Write out exactly the lines below that run from the one containing "In plain terms, the" through the one containing "#10031 = ORIENTED_EDGE", both included, with no other lines.

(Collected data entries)
-- Opening Marker --

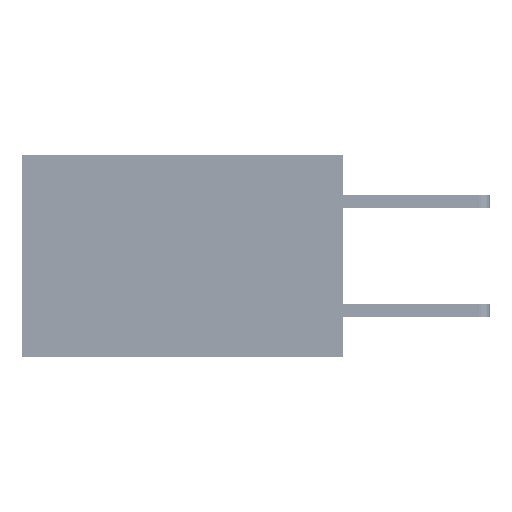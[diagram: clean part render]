
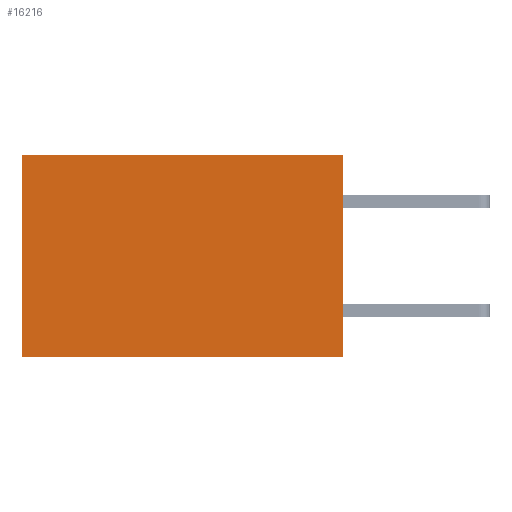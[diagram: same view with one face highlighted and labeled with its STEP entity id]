
A CAD part, left-side view. The second image highlights one B-rep face of the part: STEP entity #16216.
In plain terms, the highlighted planar face has unit normal (-1, 0, 0).
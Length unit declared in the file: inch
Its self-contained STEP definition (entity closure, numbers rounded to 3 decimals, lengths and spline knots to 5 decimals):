
#1590 = VECTOR ( 'NONE', #18033, 39.37008 ) ;
#2179 = CARTESIAN_POINT ( 'NONE',  ( 0.277, 0.59, -0.37 ) ) ;
#2580 = CARTESIAN_POINT ( 'NONE',  ( 0.277, 0., -0.37 ) ) ;
#3070 = VECTOR ( 'NONE', #21975, 39.37008 ) ;
#4544 = VERTEX_POINT ( 'NONE', #2179 ) ;
#5154 = CARTESIAN_POINT ( 'NONE',  ( 0.277, 0.59, 0. ) ) ;
#6285 = CARTESIAN_POINT ( 'NONE',  ( 0.277, 0., -0.37 ) ) ;
#8636 = AXIS2_PLACEMENT_3D ( 'NONE', #27971, #12545, #30521 ) ;
#9447 = CARTESIAN_POINT ( 'NONE',  ( 0.277, 0., 0. ) ) ;
#10031 = ORIENTED_EDGE ( 'NONE', *, *, #11480, .F. ) ;
#10147 = ORIENTED_EDGE ( 'NONE', *, *, #17215, .F. ) ;
#10701 = EDGE_CURVE ( 'NONE', #23018, #4544, #23609, .T. ) ;
#11480 = EDGE_CURVE ( 'NONE', #17329, #13800, #30152, .T. ) ;
#12545 = DIRECTION ( 'NONE',  ( 1., 0., 0. ) ) ;
#13800 = VERTEX_POINT ( 'NONE', #2580 ) ;
#14492 = LINE ( 'NONE', #25764, #1590 ) ;
#16216 = ADVANCED_FACE ( 'NONE', ( #28774 ), #25375, .F. ) ;
#17215 = EDGE_CURVE ( 'NONE', #13800, #4544, #26282, .T. ) ;
#17329 = VERTEX_POINT ( 'NONE', #9447 ) ;
#18033 = DIRECTION ( 'NONE',  ( 0., 1., 0. ) ) ;
#18975 = DIRECTION ( 'NONE',  ( 0., 0., -1. ) ) ;
#19243 = EDGE_CURVE ( 'NONE', #17329, #23018, #14492, .T. ) ;
#19398 = CARTESIAN_POINT ( 'NONE',  ( 0.277, 0.59, -0.37 ) ) ;
#20145 = ORIENTED_EDGE ( 'NONE', *, *, #19243, .T. ) ;
#21455 = CARTESIAN_POINT ( 'NONE',  ( 0.277, 0., -0.37 ) ) ;
#21975 = DIRECTION ( 'NONE',  ( 0., 0., -1. ) ) ;
#22225 = EDGE_LOOP ( 'NONE', ( #28673, #10147, #10031, #20145 ) ) ;
#23018 = VERTEX_POINT ( 'NONE', #5154 ) ;
#23338 = VECTOR ( 'NONE', #18975, 39.37008 ) ;
#23609 = LINE ( 'NONE', #19398, #3070 ) ;
#25375 = PLANE ( 'NONE',  #8636 ) ;
#25764 = CARTESIAN_POINT ( 'NONE',  ( 0.277, 0., 0. ) ) ;
#26282 = LINE ( 'NONE', #6285, #31465 ) ;
#27971 = CARTESIAN_POINT ( 'NONE',  ( 0.277, 0., -0.37 ) ) ;
#28673 = ORIENTED_EDGE ( 'NONE', *, *, #10701, .T. ) ;
#28774 = FACE_OUTER_BOUND ( 'NONE', #22225, .T. ) ;
#30152 = LINE ( 'NONE', #21455, #23338 ) ;
#30521 = DIRECTION ( 'NONE',  ( 0., 0., -1. ) ) ;
#31465 = VECTOR ( 'NONE', #32029, 39.37008 ) ;
#32029 = DIRECTION ( 'NONE',  ( 0., 1., 0. ) ) ;

-- Closing Marker --

Answer space →
In plain terms, the highlighted planar face has unit normal (-1, 0, 0).
Length unit declared in the file: inch
Its self-contained STEP definition (entity closure, numbers rounded to 3 decimals, lengths and spline knots to 5 decimals):
#1590 = VECTOR ( 'NONE', #18033, 39.37008 ) ;
#2179 = CARTESIAN_POINT ( 'NONE',  ( 0.277, 0.59, -0.37 ) ) ;
#2580 = CARTESIAN_POINT ( 'NONE',  ( 0.277, 0., -0.37 ) ) ;
#3070 = VECTOR ( 'NONE', #21975, 39.37008 ) ;
#4544 = VERTEX_POINT ( 'NONE', #2179 ) ;
#5154 = CARTESIAN_POINT ( 'NONE',  ( 0.277, 0.59, 0. ) ) ;
#6285 = CARTESIAN_POINT ( 'NONE',  ( 0.277, 0., -0.37 ) ) ;
#8636 = AXIS2_PLACEMENT_3D ( 'NONE', #27971, #12545, #30521 ) ;
#9447 = CARTESIAN_POINT ( 'NONE',  ( 0.277, 0., 0. ) ) ;
#10031 = ORIENTED_EDGE ( 'NONE', *, *, #11480, .F. ) ;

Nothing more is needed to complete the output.